Say how many lines of the listing below contain "creativecommons", giving the number and nothing else.

**EXCERPTED DATA:**
################
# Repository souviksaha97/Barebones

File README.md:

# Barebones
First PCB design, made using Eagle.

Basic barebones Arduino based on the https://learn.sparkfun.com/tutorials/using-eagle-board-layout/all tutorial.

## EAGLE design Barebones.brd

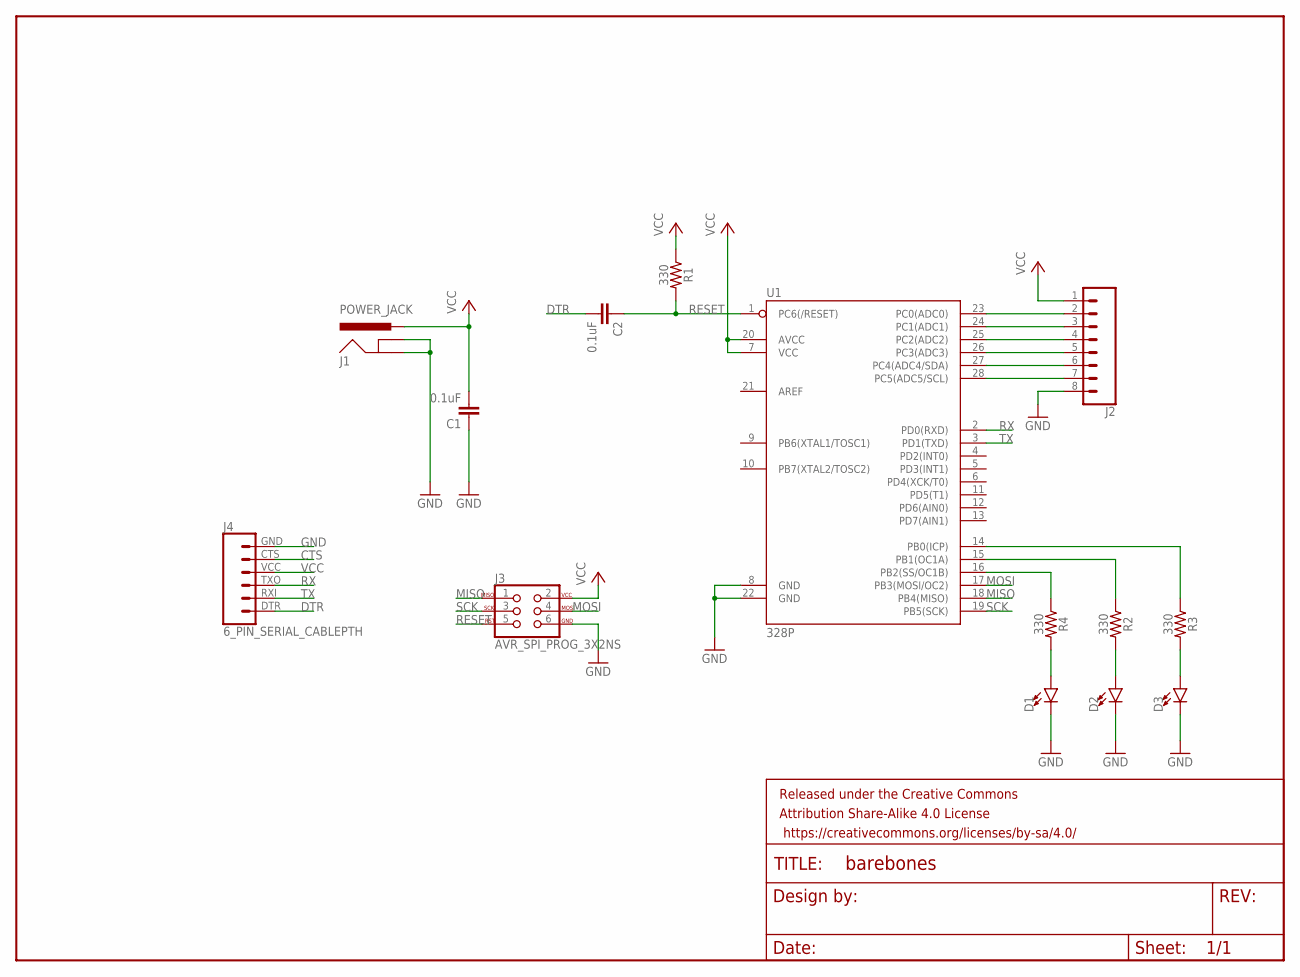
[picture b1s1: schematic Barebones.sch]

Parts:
C1, C2: 0.1uF; CAP-PTH-SMALL-KIT
D1, D2, D3: LED5MM; LED_5MM
FRAME1: FRAME-LETTER; CREATIVE_COMMONS
J1: POWER_JACK; POWER_JACK_PTH
J2: CONN_08"; 1X08
J3: AVR_SPI_PROG_3X2NS; 2X3-NS
J4: 6_PIN_SERIAL_CABLEPTH; FTDI_BASIC
R1, R2, R3, R4: 330; AXIAL-0.3
U1: 328P; DIP28

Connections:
CTS: J4.CTS (5)
DTR: C2.2, J4.DTR (1)
GND: C1.1, D1.K (C), D2.K (C), D3.K (C), J1.GND, J1.GNDBREAK, J2.8, J3.6, J4.GND (6), U1.8 (GND), U1.22 (GND)
MISO: J3.1, U1.18 (PB4(MISO))
MOSI: J3.4, U1.17 (PB3(MOSI/OC2))
unnamed: R3.P$1 (1), U1.14 (PB0(ICP))
unnamed: J2.2, U1.23 (PC0(ADC0))
unnamed: J2.3, U1.24 (PC1(ADC1))
unnamed: J2.4, U1.25 (PC2(ADC2))
unnamed: J2.5, U1.26 (PC3(ADC3))
unnamed: J2.6, U1.27 (PC4(ADC4/SDA))
unnamed: R2.P$1 (1), U1.15 (PB1(OC1A))
unnamed: J2.7, U1.28 (PC5(ADC5/SCL))
unnamed: R4.P$1 (1), U1.16 (PB2(SS/OC1B))
unnamed: D1.A, R4.P$2 (2)
unnamed: D2.A, R2.P$2 (2)
unnamed: D3.A, R3.P$2 (2)
RESET: C2.1, J3.5, R1.P$2 (2), U1.1 (PC6(/RESET))
RX: J4.TXO (3), U1.2 (PD0(RXD))
SCK: J3.3, U1.19 (PB5(SCK))
TX: J4.RXI (2), U1.3 (PD1(TXD))
VCC: C1.2, J1.PWR, J2.1, J3.2, J4.VCC (4), R1.P$1 (1), U1.7 (VCC), U1.20 (AVCC)

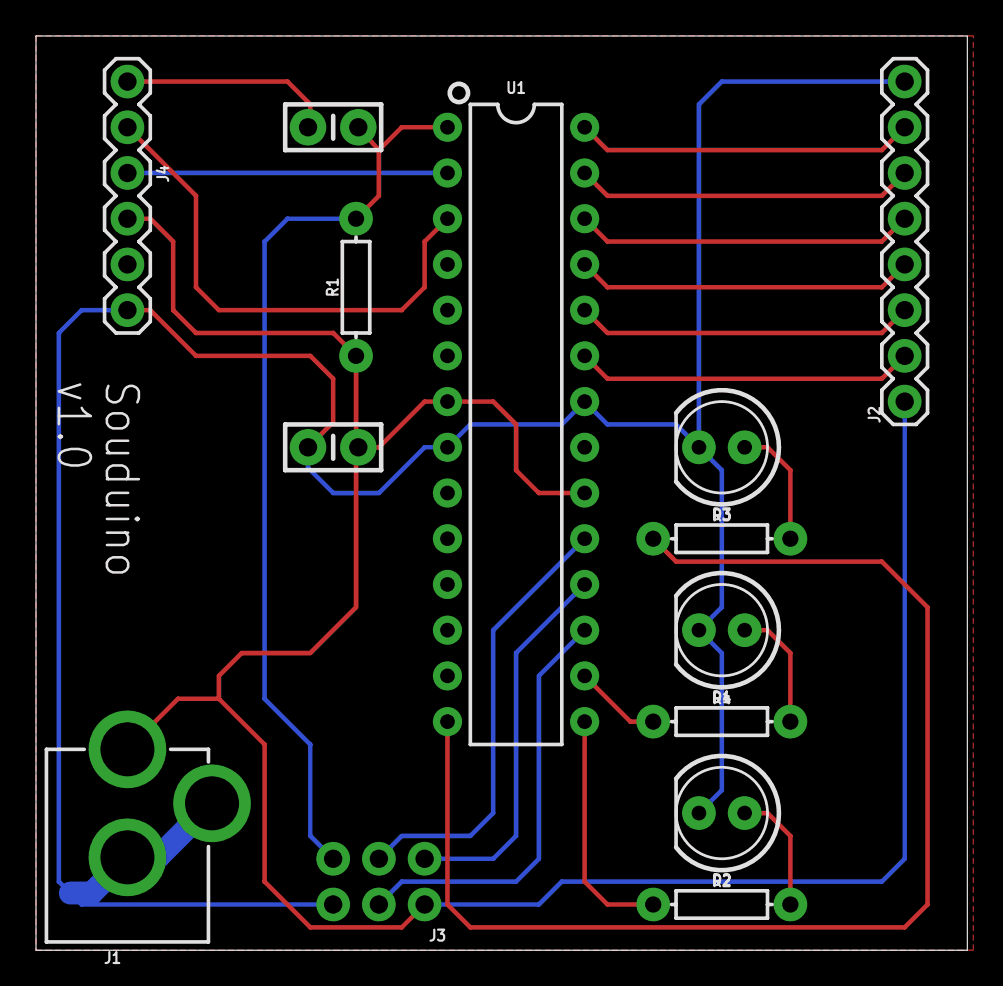
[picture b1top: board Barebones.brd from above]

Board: 2 copper layers, 51.7 x 50.8 mm, 15 parts (0 on the bottom side), 21 nets.

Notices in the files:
parts and their libraries:
SparkFun-Capacitors: Licensing: Creative Commons ShareAlike 4.0 International - https://creativecommons.org/licenses/by-sa/4.0
SparkFun-Aesthetics: Released under the Creative Commons Attribution Share-Alike 4.0 License
SparkFun-Aesthetics: https://creativecommons.org/licenses/by-sa/4.0
################
**OUTPUT BELOW:** 2